*** Raw data ***

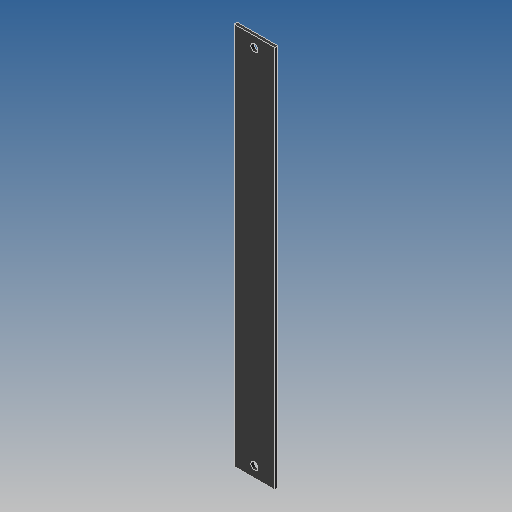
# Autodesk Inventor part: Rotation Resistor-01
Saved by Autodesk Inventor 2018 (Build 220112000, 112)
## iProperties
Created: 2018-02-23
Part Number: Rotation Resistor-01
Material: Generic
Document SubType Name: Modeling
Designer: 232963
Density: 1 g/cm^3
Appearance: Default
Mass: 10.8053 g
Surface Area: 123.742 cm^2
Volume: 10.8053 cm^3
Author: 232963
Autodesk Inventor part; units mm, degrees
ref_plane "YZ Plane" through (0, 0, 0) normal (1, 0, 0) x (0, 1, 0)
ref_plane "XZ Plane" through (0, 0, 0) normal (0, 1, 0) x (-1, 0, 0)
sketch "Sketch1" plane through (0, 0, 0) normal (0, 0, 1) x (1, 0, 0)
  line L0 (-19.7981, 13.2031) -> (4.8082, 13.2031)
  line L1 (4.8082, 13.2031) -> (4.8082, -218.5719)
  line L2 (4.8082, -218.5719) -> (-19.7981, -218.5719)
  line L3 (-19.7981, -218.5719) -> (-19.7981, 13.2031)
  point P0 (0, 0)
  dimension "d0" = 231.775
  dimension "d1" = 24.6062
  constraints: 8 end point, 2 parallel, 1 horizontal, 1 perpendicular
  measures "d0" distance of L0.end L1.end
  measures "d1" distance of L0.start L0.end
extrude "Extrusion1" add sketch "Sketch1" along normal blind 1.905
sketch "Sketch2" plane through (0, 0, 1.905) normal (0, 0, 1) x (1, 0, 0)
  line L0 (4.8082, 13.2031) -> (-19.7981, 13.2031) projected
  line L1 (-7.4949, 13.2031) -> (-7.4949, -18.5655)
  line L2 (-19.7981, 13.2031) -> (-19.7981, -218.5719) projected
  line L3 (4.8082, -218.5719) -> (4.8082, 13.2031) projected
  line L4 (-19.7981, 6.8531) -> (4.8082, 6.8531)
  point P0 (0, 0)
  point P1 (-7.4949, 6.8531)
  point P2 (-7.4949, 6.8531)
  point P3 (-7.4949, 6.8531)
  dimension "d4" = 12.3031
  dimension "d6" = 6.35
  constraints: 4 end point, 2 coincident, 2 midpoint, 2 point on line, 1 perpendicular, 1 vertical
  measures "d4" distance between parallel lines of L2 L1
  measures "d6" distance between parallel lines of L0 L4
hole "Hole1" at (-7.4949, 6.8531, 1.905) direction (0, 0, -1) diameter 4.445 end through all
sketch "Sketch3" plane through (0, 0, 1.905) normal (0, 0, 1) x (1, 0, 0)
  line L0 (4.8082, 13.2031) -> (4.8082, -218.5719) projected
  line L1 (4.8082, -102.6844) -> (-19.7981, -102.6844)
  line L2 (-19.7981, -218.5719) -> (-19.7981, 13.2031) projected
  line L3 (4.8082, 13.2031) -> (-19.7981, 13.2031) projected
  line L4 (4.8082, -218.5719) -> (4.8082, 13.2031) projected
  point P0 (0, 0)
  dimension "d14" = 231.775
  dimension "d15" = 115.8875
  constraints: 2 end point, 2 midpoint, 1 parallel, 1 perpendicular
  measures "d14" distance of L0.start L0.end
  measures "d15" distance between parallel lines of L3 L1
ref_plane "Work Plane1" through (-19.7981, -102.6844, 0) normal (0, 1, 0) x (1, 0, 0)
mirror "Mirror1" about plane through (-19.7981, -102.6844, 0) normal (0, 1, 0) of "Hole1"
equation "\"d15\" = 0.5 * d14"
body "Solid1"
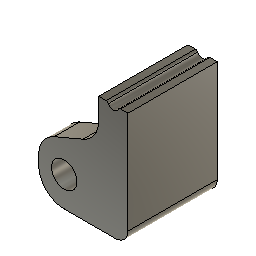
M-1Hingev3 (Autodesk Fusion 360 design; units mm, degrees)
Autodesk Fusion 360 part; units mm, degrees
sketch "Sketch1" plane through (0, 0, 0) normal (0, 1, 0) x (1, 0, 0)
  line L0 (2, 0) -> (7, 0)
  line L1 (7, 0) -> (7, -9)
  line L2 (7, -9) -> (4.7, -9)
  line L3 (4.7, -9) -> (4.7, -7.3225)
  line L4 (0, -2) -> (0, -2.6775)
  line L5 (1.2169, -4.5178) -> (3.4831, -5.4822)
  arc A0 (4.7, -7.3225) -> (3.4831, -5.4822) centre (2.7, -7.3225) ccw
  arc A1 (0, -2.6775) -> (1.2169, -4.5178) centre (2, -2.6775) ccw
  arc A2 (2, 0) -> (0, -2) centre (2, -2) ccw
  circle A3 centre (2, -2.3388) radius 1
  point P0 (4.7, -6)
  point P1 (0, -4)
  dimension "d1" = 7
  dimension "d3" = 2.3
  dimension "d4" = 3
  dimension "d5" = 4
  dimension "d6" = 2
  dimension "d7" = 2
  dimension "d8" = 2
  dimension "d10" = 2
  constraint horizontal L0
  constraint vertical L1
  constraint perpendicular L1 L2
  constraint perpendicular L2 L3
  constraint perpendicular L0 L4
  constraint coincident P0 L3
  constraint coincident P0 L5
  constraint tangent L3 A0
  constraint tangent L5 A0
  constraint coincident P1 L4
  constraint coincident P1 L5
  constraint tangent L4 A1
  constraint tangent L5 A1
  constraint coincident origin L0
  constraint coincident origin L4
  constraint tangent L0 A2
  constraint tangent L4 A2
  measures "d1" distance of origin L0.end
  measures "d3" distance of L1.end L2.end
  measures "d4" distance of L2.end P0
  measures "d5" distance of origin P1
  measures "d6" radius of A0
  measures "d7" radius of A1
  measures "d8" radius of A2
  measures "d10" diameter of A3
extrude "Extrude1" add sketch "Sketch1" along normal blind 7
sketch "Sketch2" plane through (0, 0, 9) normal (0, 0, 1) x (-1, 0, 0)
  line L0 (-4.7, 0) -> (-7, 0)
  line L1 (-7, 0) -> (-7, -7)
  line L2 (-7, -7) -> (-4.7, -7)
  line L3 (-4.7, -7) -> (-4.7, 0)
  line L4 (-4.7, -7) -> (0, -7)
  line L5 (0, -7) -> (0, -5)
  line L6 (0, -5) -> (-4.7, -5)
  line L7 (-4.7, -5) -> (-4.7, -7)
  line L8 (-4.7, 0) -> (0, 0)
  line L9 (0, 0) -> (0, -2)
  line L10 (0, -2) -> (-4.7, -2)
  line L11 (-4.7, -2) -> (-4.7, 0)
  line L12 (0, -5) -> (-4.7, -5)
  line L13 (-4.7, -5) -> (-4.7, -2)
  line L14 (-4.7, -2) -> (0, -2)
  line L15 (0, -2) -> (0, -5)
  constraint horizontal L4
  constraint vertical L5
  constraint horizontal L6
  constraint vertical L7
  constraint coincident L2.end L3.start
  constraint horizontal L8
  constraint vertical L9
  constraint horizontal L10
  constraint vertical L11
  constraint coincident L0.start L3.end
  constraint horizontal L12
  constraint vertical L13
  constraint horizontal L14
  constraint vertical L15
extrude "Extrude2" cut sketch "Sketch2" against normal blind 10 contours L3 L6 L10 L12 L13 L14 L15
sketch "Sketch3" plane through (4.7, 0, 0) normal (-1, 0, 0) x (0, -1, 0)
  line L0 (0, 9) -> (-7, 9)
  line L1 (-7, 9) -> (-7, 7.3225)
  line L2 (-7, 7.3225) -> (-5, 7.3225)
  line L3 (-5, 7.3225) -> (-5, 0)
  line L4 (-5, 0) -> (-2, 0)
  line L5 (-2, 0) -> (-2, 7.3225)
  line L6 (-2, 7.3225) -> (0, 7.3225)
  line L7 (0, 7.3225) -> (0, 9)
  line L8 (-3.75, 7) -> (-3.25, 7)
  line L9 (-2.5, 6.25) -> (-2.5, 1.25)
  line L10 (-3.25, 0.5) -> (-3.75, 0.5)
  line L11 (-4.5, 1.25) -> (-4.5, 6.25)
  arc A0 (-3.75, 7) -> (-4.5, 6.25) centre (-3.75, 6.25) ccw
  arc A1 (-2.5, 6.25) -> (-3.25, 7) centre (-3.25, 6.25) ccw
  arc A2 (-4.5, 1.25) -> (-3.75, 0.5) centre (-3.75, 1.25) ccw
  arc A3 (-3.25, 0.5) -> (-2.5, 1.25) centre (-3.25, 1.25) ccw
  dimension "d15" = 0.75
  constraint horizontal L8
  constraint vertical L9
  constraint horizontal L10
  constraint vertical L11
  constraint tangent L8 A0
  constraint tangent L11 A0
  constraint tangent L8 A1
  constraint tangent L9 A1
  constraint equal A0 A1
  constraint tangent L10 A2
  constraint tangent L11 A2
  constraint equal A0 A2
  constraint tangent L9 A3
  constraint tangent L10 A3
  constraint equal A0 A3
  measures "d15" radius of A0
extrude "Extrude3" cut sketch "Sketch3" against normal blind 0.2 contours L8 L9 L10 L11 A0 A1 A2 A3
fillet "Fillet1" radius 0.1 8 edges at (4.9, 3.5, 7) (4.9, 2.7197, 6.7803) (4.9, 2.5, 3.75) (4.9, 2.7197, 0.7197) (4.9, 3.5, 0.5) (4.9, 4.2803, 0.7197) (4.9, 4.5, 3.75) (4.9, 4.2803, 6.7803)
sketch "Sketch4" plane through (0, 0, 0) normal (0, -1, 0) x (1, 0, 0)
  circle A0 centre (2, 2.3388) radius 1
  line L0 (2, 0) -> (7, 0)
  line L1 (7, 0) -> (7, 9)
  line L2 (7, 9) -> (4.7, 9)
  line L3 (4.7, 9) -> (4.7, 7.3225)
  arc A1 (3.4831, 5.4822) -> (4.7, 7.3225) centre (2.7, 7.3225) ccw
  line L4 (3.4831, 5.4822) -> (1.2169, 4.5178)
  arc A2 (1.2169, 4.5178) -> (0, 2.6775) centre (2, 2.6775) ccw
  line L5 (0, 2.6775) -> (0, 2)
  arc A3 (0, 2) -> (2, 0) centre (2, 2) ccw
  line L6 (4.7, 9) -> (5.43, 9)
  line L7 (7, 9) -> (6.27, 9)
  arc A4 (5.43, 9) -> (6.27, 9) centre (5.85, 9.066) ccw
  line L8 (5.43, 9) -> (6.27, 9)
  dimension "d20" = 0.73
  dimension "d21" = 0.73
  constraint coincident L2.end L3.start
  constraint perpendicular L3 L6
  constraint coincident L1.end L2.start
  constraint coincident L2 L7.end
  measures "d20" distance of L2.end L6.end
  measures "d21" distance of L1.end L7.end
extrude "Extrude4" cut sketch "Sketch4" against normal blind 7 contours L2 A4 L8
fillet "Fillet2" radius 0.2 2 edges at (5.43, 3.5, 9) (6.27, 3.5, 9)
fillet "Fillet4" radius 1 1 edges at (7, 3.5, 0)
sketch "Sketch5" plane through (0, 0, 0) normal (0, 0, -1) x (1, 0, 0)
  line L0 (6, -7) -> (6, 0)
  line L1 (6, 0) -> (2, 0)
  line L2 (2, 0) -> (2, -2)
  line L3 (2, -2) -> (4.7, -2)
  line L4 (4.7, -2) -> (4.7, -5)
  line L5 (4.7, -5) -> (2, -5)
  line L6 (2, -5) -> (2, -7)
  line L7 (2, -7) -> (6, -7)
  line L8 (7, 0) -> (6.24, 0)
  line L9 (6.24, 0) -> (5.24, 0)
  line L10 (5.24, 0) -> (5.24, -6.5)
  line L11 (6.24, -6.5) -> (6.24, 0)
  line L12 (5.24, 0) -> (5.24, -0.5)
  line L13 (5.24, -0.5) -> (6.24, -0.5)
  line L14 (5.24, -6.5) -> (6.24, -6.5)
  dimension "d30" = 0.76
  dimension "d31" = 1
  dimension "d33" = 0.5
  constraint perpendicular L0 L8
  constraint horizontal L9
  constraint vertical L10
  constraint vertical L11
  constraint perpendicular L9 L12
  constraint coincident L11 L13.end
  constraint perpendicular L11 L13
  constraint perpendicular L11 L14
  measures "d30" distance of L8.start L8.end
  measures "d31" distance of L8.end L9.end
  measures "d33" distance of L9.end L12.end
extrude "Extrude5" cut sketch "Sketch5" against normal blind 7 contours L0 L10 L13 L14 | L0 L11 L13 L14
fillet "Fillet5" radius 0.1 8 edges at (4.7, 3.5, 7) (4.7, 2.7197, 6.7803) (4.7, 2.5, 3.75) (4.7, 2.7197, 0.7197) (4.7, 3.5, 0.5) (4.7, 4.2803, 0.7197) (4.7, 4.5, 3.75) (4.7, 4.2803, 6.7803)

***

Problem » Output the number of lines above holding the word "contours", and nothing besides it.

Solution for this exercise » 4